The Kid Who Wouldn’t Be King of the Box Office


A promotional poster for “The Kid Who Would Be King.”

Dante Bernhardt, Video Editor

Directed and written by Joe Cornish, The Kid Who Would Be King follows the heroic upbringing of British kid named Alexander, who is deemed the direct descendant of King Arthur after pulling Excalibur from a dilapidated support beam in a construction site.

Alex, as well as his best friend Bedders, must unite to create an army, and vanquish the witch Morgana to save the world.

Unlike 2018’s Robin Hood, a banal and stale take on a tread-on character, The Kid Who Would Be King presents an exuberant, enticing, and enjoyable re-imagining of the Round Table legend fit for the entire family.

Alex, played by Louie Ashbourne Serkis, the son of famed actor Andy Serkis, is a likable and steadily matured character, whose progression can be seen throughout the entire viewing, allowing audiences to savor his growth as a hero. The Round Table that accompanies him, made up of Bedders, Lance, and Kaye, are all properly given arcs, balancing well with Alex’s. The growth between the characters is prominent so even the smallest of cognizant children can comprehend it.

Angus Imrie, British television actor, enthusiastically plays a younger Merlin for most of the movie, with Sir Patrick Stewart playing the older counterpart. Both offer their own eccentric attitude of the character, though this can be a bit jarring at times as they are meant to be the same person. The differences are subtle enough not be noticed too heavily as old age seems to be the only thing separating the outlandish behavior of both.

Morgana, the evil half-sister of King Arthur, is a standard popcorn-flick affair. Rebecca Ferguson does nothing more than threaten the lives of children and create a feeble army that even kids can take down.

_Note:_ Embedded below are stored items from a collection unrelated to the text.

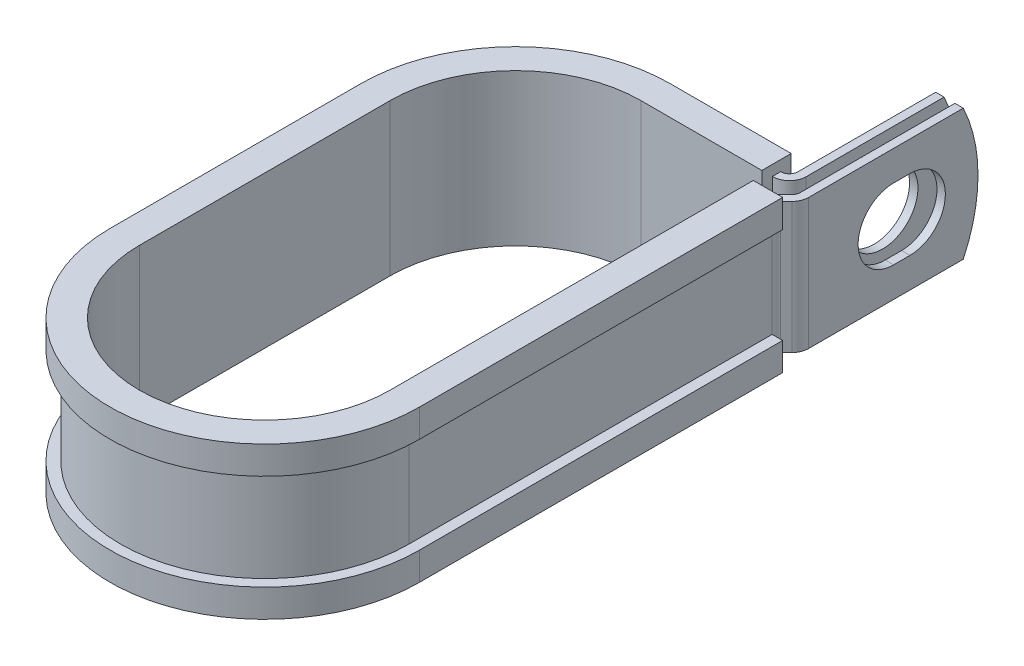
from build123d import *

# Parameters (mm, degrees)
EXTRUDE_THIN1_DEPTH = 9.525
SKETCH2_R           = 5.1562
CUT_EXTRUDE1_DEPTH  = 1.2192
CUT_EXTRUDE2_DEPTH  = 1.2192
CUT_EXTRUDE3_DEPTH  = 71.610293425


with BuildPart() as part:
    # Sketch1 → Extrude-Thin1 (new, symmetric)
    with BuildSketch(Plane(origin=(0, 0, 0), x_dir=(1, 0, 0), z_dir=(0, 1, 0))):
        with BuildLine():
            Line((21.6713698, 44.4246), (21.6713698, 19.7739))
            ThreePointArc((21.6713698, 19.7739), (21.578563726, 19.307332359), (21.314274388, 18.911795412))
            Line((21.314274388, 18.911795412), (20.488090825, 18.085611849))
            ThreePointArc((20.488090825, 18.085611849), (19.959512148, 17.294537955), (19.7739, 16.361402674))
            Line((19.7739, 16.361402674), (19.7739, 0))
            Line((19.7739, 0), (19.7739, -36.4998))
            ThreePointArc((19.7739, -36.4998), (0, -56.2737), (-19.7739, -36.4998))
            Line((-19.7739, -36.4998), (-19.7739, 0))
            ThreePointArc((-19.7739, 0), (-13.982258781, 13.982258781), (0, 19.7739))
            Line((0, 19.7739), (17.6581698, 19.7739))
            ThreePointArc((17.6581698, 19.7739), (19.382378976, 20.488090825), (20.0965698, 22.2123))
            Line((20.0965698, 22.2123), (20.0965698, 44.4246))
            Line((20.0965698, 44.4246), (18.8773698, 44.4246))
            Line((18.8773698, 44.4246), (18.8773698, 22.2123))
            ThreePointArc((18.8773698, 22.2123), (18.520274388, 21.350195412), (17.6581698, 20.9931))
            Line((17.6581698, 20.9931), (0, 20.9931))
            ThreePointArc((0, 20.9931), (-14.844363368, 14.844363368), (-20.9931, 0))
            Line((-20.9931, 0), (-20.9931, -36.4998))
            ThreePointArc((-20.9931, -36.4998), (0, -57.4929), (20.9931, -36.4998))
            Line((20.9931, -36.4998), (20.9931, 0))
            Line((20.9931, 0), (20.9931, 16.361402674))
            ThreePointArc((20.9931, 16.361402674), (21.085906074, 16.827970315), (21.350195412, 17.223507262))
            Line((21.350195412, 17.223507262), (22.176378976, 18.049690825))
            ThreePointArc((22.176378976, 18.049690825), (22.704957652, 18.840764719), (22.8905698, 19.7739))
            Line((22.8905698, 19.7739), (22.8905698, 44.4246))
            Line((22.8905698, 44.4246), (21.6713698, 44.4246))
        make_face()
    extrude(amount=EXTRUDE_THIN1_DEPTH, both=True)

    # Sketch2 → Cut-Extrude1 (cut)
    with BuildSketch(Plane.ZY.offset(-18.8773698)):
        with Locations((-33.3248, 0)):
            Circle(SKETCH2_R)
    extrude(amount=-CUT_EXTRUDE1_DEPTH, mode=Mode.SUBTRACT)

    # Sketch3 → Cut-Extrude2 (cut)
    with BuildSketch(Plane(origin=(22.8905698, 0, 0), x_dir=(0, 0, -1), z_dir=(1, 0, 0))):
        with BuildLine():
            Line((32.131, 5.1562), (34.5186, 5.1562))
            ThreePointArc((34.5186, 5.1562), (39.6748, 0), (34.5186, -5.1562))
            Line((34.5186, -5.1562), (32.131, -5.1562))
            ThreePointArc((32.131, -5.1562), (26.9748, 0), (32.131, 5.1562))
        make_face()
    extrude(amount=-CUT_EXTRUDE2_DEPTH, mode=Mode.SUBTRACT)

    # Sketch4 → Cut-Extrude3 (cut, through all)
    with BuildSketch(Plane.ZY.offset(-18.8773698)):
        with BuildLine():
            Line((-42.280063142, 9.525), (-44.4246, 9.525))
            Line((-44.4246, 9.525), (-44.4246, 0))
            ThreePointArc((-44.4246, 0), (-43.881838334, 4.881717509), (-42.280063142, 9.525))
        make_face()
        with BuildLine():
            ThreePointArc((-42.280063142, -9.525), (-43.881838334, -4.881717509), (-44.4246, 0))
            Line((-44.4246, 0), (-44.4246, -9.525))
            Line((-44.4246, -9.525), (-42.280063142, -9.525))
        make_face()
    extrude(amount=-CUT_EXTRUDE3_DEPTH, mode=Mode.SUBTRACT)

    # Sweep1: sweep along a path in Sketch6
    with BuildLine(Plane(origin=(0, 9.525, 0), x_dir=(1, 0, 0), z_dir=(0, 1, 0))) as sweep1_path:
        Line((18.2499, 16.361402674), (18.2499, 0))
        Line((18.2499, 0), (18.2499, -36.4998))
        ThreePointArc((18.2499, -36.4998), (0, -54.7497), (-18.2499, -36.4998))
        Line((-18.2499, -36.4998), (-18.2499, 0))
        ThreePointArc((-18.2499, 0), (-12.904628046, 12.904628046), (0, 18.2499))
        Line((0, 18.2499), (17.6073698, 18.2499))
    # Sketch5 → Sweep1 (sweep)
    with BuildSketch(Plane(origin=(0, 0, -16.361402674), x_dir=(-1, 0, 0), z_dir=(0, 0, -1))):
        Polygon((-20.9931, 9.525), (-19.7739, 9.525), (-19.7739, -9.525), (-20.9931, -9.525), (-20.9931, -6.985), (-22.5171, -6.985), (-22.5171, -11.049), (-18.2499, -11.049), (-18.2499, 11.049), (-22.5171, 11.049), (-22.5171, 6.985), (-20.9931, 6.985), align=None)
    sweep(path=sweep1_path.line)


solid = part.part

The plot of Kid King is, of course, based off the legend of King Arthur, but unlike most previous adaptations that simply retread old ground with flashier set pieces (though King Arthur: Legend of the Sword was actually fun), Kid King morphs the classic around a modern setting, with a storybook of the tale being literally utilized as a map for their next plan of action, guiding their movements to fit how the story should continue.

Though circumstances are world-ending, the quest is also fairly self-contained with the only people occasionally interacting with the crew being Alex’s mother and classmates. The script contains kid-friendly jokes and dialogue, but nothing too spectacular to adults. That sort of thing is to be expected though, as it is labeled a kid’s movie.

Despite this, the film does hit on some very touching moments, which if you are a sucker for sappy moments, you may want to grab more theater napkins. These moments genuinely move the plot forward and continue to build character, a feat which many other children’s movies fail to accomplish.

Overall, The Kid Who Would Be King is a movie with a cool title, good cast, and great feel for adventure. Sadly, the movie has barely been able to reach its budget in sales. This lack of support tells studios to not invest in wholesome movies like these. I advise families to check this flick out if they have the chance, as it is a romp from start to finish.

I bestow the Once and Future King of King Arthur movies a 7.5 out of 10.